UPDATED 07:00 EDT / SEPTEMBER 13 2013

NEWS

Twitter IPO Means More Ads, Not That You’ll Notice

With Twitter finally announcing its public IPO last night, many users will be wondering how this development is going to affect them. While it’s unlikely to change anything about the way the site works, one thing would seem absolutely certain – and that’s that we’re going to be seeing a lot more ads popping up with its shareholders looking for a return on their investments.

The good news is that the ads are unlikely to be the kind of invasive spammy stuff that’s becoming a problem with the likes of Facebook and Google. Simply because, Twitter’s waited years for its IPO, until it knows that it’s got its advertising model just right.

We saw the clues earlier this year, when Twitter gave notice of its new advertising API back in February. Alongside the basic hashtags and promoted tweets, this gave advertisers new tools that allows them to create and deploy ads faster across a range of Twitter applications. This was quickly followed by the release of something Twitter calls “keyword targeting in timelines” last March, which allows advertisers to buy ads related to topics that users are interested in. Finally, Twitter introduced a way to sync tweets with TV ads.

These are the three main components of Twitter’s main offering, the one that it will use to try and woo investors for its IPO. Twitter is going to sell itself as the platform where people come to talk about news, sports, TV, music and anything else, as it happens. Twitter’s ad products have been designed so that they can be used to take advantage of real-time events, as they break. These ads can scale as opportunities do, giving advertisers a way to monetize rising trends on the web.

The signs are that people are buying into the idea. When Apple unveiled its new iPhones on Tuesday, just about every major carrier and numerous rival phone makers purchased Twitter ads, either to bask in its glory or to try and steal a little of the limelight.

Twitter’s plan also has its rivals worried. Not so long ago, Facebook began a rather pitiful attempt to try and convince the public and advertisers that it was the real platform for real-time news on the web – but of course we all know this is a complete lie. A quick look at my own Facebook wall for example, reveals the usual selection of food pics and amusing links, a few personal updates, and bugger all about Twitter’s IPO or anything that’s actually newsworthy.

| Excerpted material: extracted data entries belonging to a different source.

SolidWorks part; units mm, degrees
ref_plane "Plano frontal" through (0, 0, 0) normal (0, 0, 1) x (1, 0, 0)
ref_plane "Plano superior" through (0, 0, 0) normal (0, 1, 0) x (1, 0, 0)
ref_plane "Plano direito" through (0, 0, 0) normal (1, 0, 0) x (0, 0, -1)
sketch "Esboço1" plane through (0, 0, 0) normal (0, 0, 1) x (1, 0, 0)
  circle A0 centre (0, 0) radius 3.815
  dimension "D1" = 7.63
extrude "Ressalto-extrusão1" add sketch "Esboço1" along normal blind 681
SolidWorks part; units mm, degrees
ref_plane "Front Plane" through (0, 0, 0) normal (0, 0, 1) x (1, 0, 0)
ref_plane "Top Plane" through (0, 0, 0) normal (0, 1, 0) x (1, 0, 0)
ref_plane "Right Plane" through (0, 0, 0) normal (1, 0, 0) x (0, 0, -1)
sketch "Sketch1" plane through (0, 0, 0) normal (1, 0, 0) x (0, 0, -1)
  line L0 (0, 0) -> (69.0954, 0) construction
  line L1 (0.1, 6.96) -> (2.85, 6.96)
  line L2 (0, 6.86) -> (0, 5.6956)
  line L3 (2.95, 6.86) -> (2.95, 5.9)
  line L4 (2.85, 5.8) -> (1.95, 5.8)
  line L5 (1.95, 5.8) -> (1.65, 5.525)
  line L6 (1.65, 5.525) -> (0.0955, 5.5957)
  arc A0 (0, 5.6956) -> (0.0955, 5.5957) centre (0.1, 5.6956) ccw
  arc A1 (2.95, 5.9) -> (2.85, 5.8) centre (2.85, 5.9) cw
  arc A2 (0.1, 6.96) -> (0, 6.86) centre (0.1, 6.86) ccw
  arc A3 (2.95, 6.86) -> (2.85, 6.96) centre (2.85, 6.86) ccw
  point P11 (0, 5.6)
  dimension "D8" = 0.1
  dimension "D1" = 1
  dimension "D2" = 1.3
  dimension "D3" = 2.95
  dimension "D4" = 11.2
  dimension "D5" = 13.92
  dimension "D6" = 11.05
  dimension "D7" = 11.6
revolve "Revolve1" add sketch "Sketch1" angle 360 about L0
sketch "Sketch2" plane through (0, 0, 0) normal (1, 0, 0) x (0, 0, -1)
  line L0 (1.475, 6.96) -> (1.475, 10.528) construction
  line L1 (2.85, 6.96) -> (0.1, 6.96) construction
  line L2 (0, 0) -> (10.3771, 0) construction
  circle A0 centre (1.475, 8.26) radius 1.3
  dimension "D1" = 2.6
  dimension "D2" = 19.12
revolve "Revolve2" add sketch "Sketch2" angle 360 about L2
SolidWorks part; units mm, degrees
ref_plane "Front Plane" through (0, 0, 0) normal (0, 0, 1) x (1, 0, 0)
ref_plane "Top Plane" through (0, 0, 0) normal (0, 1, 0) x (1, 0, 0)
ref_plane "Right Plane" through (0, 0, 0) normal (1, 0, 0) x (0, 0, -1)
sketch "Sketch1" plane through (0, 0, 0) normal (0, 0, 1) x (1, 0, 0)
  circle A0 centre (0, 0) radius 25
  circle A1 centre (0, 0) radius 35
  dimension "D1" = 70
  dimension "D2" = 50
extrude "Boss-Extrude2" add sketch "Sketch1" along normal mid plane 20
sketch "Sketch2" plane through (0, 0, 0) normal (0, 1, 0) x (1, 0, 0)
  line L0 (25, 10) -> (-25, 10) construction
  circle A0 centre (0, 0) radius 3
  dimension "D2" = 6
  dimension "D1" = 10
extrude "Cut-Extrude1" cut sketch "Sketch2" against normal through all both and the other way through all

As SiliconANGLE’s Kyt Dotson wrote in his analysis of Twitter’s IPO yesterday,

“Twitter is what (SiliconANGLE founder) John Furrier calls a crowd-related, signaling communications utility fabric and because of these first forays into putting user experience first, Twitter has become a staple of the consumer-connected web. Also as a result, businesses who do not use Twitter almost automatically lose out on giant portions of their audience.”

In other words, Twitter is the one genuine home of the real-time web – its the best way to buy ads and push them as events happen in the real world, and can be used to monetize virtually any and all buzz activity that’s doing the rounds on the interwebs. Twitter gives advertisers a way to push their ads into things as they happen – as opposed to Google’s and Facebook’s model of placing them alongside content, people and places.

In his post yesterday, Dotson was quick to point out that Twitter isn’t grotesquely monetizing, but it does rely heavily on its ability to provide and promote ads. It’s strategy for doing so appears to be sound, and all the evidence suggests that it’s going to work. If it does, we won’t see too many changes – maybe a few cosmetic ones, as the New Yorker’s Matt Buchanan points out, with maybe just a few more items being thrown into our feeds that we didn’t ask for, but even so they’ll be so familiar that few of us will notice them.